Single-nucleotide polymorphisms in genes relating to homocysteine metabolism: how applicable are public SNP databases to a typical European population?

Abstract
To facilitate the association studies in complex diseases characterized by hyperhomocysteinemia, we collected structural and frequency data on single-nucleotide polymorphism (SNPs) in 24 genes relating to homocysteine metabolism. Firstly, we scanned approximately 1.2 Mbp of sequence in the NCBI SNP database (dbSNP) build 110 and we detected 1353 putative SNPs with an average in silico genic density of 1:683. Out of 112 putative SNPs in coding regions (cSNPs), we selected a subset of 42 cSNPs and we assessed the applicability of the NCBI dbSNP to the Czech population - a typical representative of European Caucasians - by determining the frequency of the putative cSNPs experimentally by PCR-RFLP or ARMS-PCR in at least 110 control Czech chromosomes.
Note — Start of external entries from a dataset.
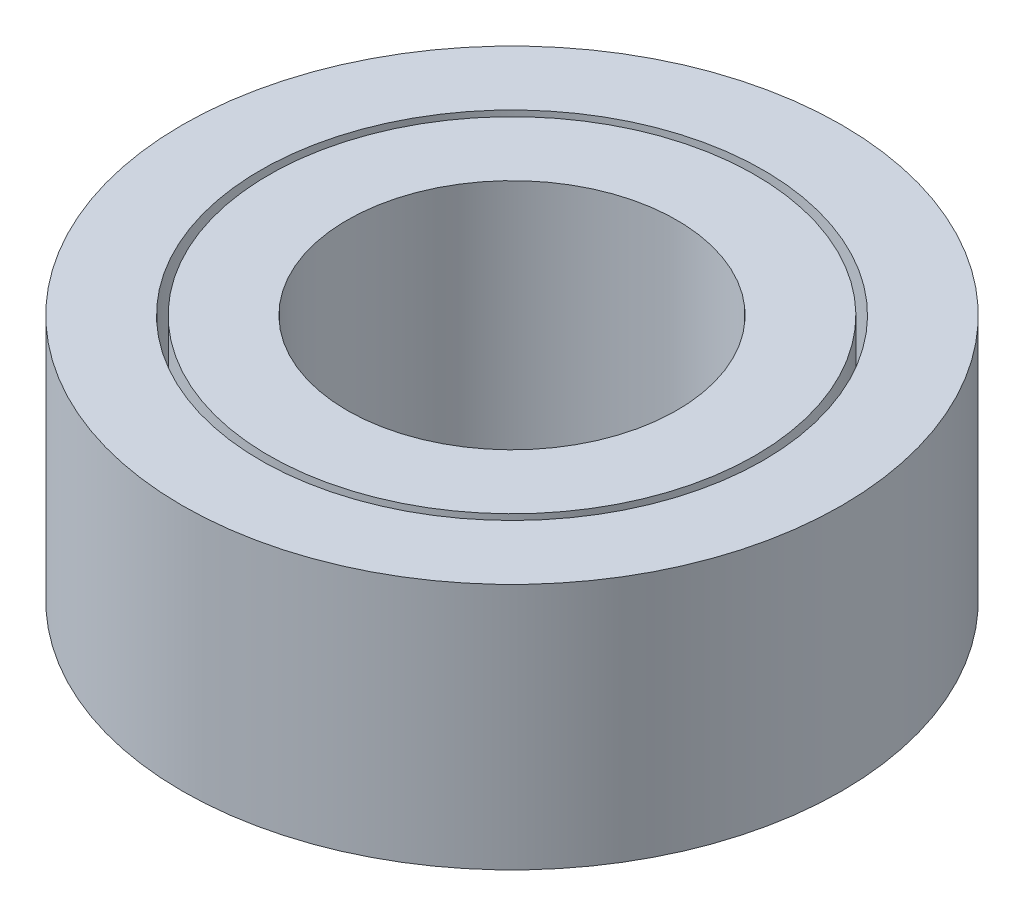
SolidWorks part; units mm, degrees
ref_plane "前视基准面" through (0, 0, 0) normal (0, 0, 1) x (1, 0, 0)
ref_plane "上视基准面" through (0, 0, 0) normal (0, 1, 0) x (1, 0, 0)
ref_plane "右视基准面" through (0, 0, 0) normal (1, 0, 0) x (0, 0, -1)
other "Configuration Table"
sketch "草图1" plane through (0, 0, 0) normal (0, 1, 0) x (1, 0, 0)
  circle A0 centre (0, 0) radius 2
  circle A1 centre (0, 0) radius 4
  circle A2 centre (0, 0) radius 3
  dimension "D1" = 8
  dimension "D2" = 4
  dimension "D3" = 6
extrude "凸台-拉伸1" add sketch "草图1" along normal blind 3 contours A1 A2 region at (-3.8869, 0, 0)
extrude "凸台-拉伸2" add sketch "草图1<3>" along normal blind 3 contours A2 A0 region at (-2.9151, 0, 0)
sketch "草图1<3>" plane through (0, 0, 0) normal (0, 1, 0) x (1, 0, 0) same geometry as "草图1"
extrude "切除-拉伸-薄壁2" cut sketch "草图1<5>" along normal blind 3 thin contours A2 thin type mid plane wall 0.1
sketch "草图1<5>" plane through (0, 0, 0) normal (0, 1, 0) x (1, 0, 0) same geometry as "草图1"

As only 25 of the 42 analyzed cSNPs met the criterion of >/=1% frequency, the positive predictive value of the NCBI data set for our population reached 60%, which is similar to other studies. The correlation of SNP frequency between Czechs and other Caucasians - obtained from NCBI and/or literature - was stronger (r(2)=0.90 for 20 cSNPs) than between Czechs and general NCBI database entries (r(2)=0.73 for 27 cSNPs). Moreover, frequencies of all 20 putative cSNPs, for which data in Caucasians were available, were congruently below or above the 1% frequency criterion both in Czechs and in other Caucasians. In summary, our study shows that the NCBI dbSNP is a useful tool for selecting cSNPs for genetic studies of hyperhomocysteinemia in European populations, although experimental validation of SNPs should be performed, especially if the cSNP entry lacks any frequency data in Caucasians.